Он прошел прямо к себе, чтобы переодеться. В лыжных брюках, которые носил дома во все времена года — раненая нога частенько ныла, требовала тепла, — в спортивной куртке на молнии, довольный прошедшим днем и слегка любопытствующий, он вошел в столовую.
О, оказывается, и Соня тут!
Борис Васильевич немного удивился, что не слышал ее голоса, тем более что его дражайшая половина была не из молчаливых, а неуважительное отношение к науке, коей посвятила себя ее дочка, во всяком случае не могло оставить ее равнодушной.
Софья Степановна первая увидела мужа и радостно улыбнулась.
Теперь уже ничего не осталось в ней от той, как тростинка, тоненькой Сони Черевичной, в которую он влюбился на фронте.
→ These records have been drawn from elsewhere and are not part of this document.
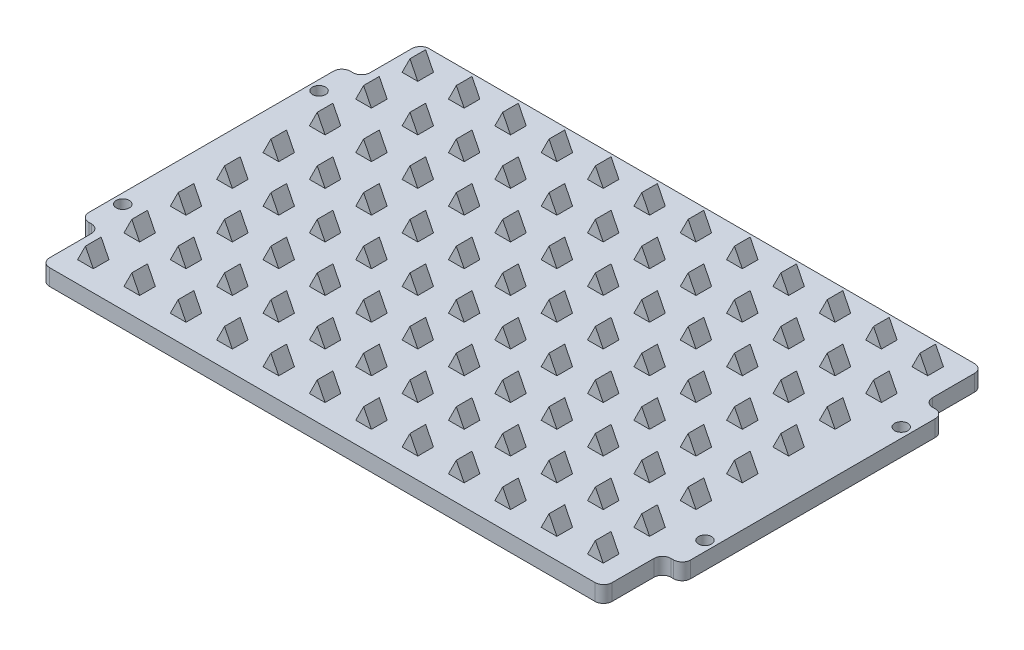
SolidWorks part; units mm, degrees
ref_plane "Front Plane" through (0, 0, 0) normal (0, 0, 1) x (1, 0, 0)
ref_plane "Top Plane" through (0, 0, 0) normal (0, 1, 0) x (1, 0, 0)
ref_plane "Right Plane" through (0, 0, 0) normal (1, 0, 0) x (0, 0, -1)
sketch "Sketch1" plane through (0, 0, 0) normal (0, 1, 0) x (1, 0, 0)
  line L1 (-54.61, -36.83) -> (54.61, -36.83)
  line L2 (-54.61, -36.83) -> (-54.61, 36.83)
  line L3 (-54.61, 36.83) -> (54.61, 36.83)
  line L4 (54.61, -36.83) -> (54.61, 36.83)
  line L5 (-54.61, -36.83) -> (54.61, 36.83) construction
  line L6 (-54.61, 36.83) -> (54.61, -36.83) construction
  point P0 (0, 0)
  dimension "D1" = 109.22
  dimension "D2" = 73.66
extrude "Boss-Extrude1" add sketch "Sketch1" against normal blind 3.175
ref_plane "Plane1" through (0, 0, -31.75) normal (0, 0, 1) x (1, 0, 0)
sketch "Sketch2" plane through (0, 0, -31.75) normal (0, 0, 1) x (1, 0, 0)
  line L0 (-51.562, 0) -> (-50.038, 3.048)
  line L3 (-50.038, 0) -> (-51.562, 0)
  line L4 (-50.038, 3.048) -> (-50.038, 0) construction
  line L5 (-50.038, 3.048) -> (-48.514, 0)
  line L6 (-54.61, 0) -> (54.61, 0) construction
  line L7 (-48.514, 0) -> (-50.038, 0)
  point P5 (-50.8, 0)
  dimension "D1" = 1.524
  dimension "D2" = 3.048
  dimension "D3" = 50.8
extrude "Boss-Extrude3" add sketch "Sketch2" along normal mid plane 3.048
pattern_linear "LPattern1" count 12 spacing 9 along (1, 0, 0) count 8 spacing 9 along (0, 0, 1) of "Boss-Extrude3"
sketch "Sketch3" plane through (0, 0, 0) normal (0, 1, 0) x (1, 0, 0)
  line L0 (-54.61, 36.83) -> (-54.61, -36.83) construction
  line L1 (-54.61, 25.4) -> (-58.42, 25.4)
  line L2 (-54.61, 25.4) -> (-54.61, -25.4)
  line L3 (-54.61, -25.4) -> (-58.42, -25.4)
  line L4 (-58.42, 25.4) -> (-58.42, -25.4)
  line L5 (0, 0) -> (0, 36.83) construction
  line L6 (54.61, 36.83) -> (-54.61, 36.83) construction
  line L7 (58.42, 25.4) -> (58.42, -25.4)
  line L8 (54.61, -25.4) -> (58.42, -25.4)
  line L9 (54.61, 25.4) -> (54.61, -25.4)
  line L10 (54.61, 25.4) -> (58.42, 25.4)
  circle A0 centre (-56.515, 19.05) radius 1.27
  circle A1 centre (-56.515, -19.05) radius 1.27
  circle A2 centre (56.515, -19.05) radius 1.27
  circle A3 centre (56.515, 19.05) radius 1.27
  point P6 (-58.42, 0)
  point P11 (-56.515, 25.4)
  dimension "D3" = 2.54
  dimension "D1" = 3.81
  dimension "D2" = 50.8
  dimension "D4" = 19.05
  dimension "D5" = 2
extrude "Boss-Extrude2" add sketch "Sketch3" against normal blind 3.175
fillet "Fillet1" radius 1.651 12 edges at (54.61, -1.5875, -36.83) (54.61, -1.5875, -25.4) (58.42, -1.5875, -25.4) (58.42, -1.5875, 25.4) (54.61, -1.5875, 25.4) (54.61, -1.5875, 36.83) (-54.61, -1.5875, 36.83) (-54.61, -1.5875, 25.4) (-58.42, -1.5875, 25.4) (-58.42, -1.5875, -25.4) (-54.61, -1.5875, -25.4) (-54.61, -1.5875, -36.83)

Она была такая тоненькая тогда, что Борису Васильевичу казалось, что шинель ей непомерно тяжела. И он не поверил глазам своим, когда однажды под бомбежкой Соня одна вытащила на плечах из разбитой перевязочной в укрытие огромного раненого. А она вытащила и за другим побежала. Только от напряжения очень покраснела.
Теперь она пополнела — откуда что взялось! Только глаза, как, по крайней мере, казалось Борису Васильевичу, остались все те же, яркие, блестящие, с теми же не затуманенными временем белками. А ведь бывает, глаза к старости так выцветают, что невозможно и определить, какими они были.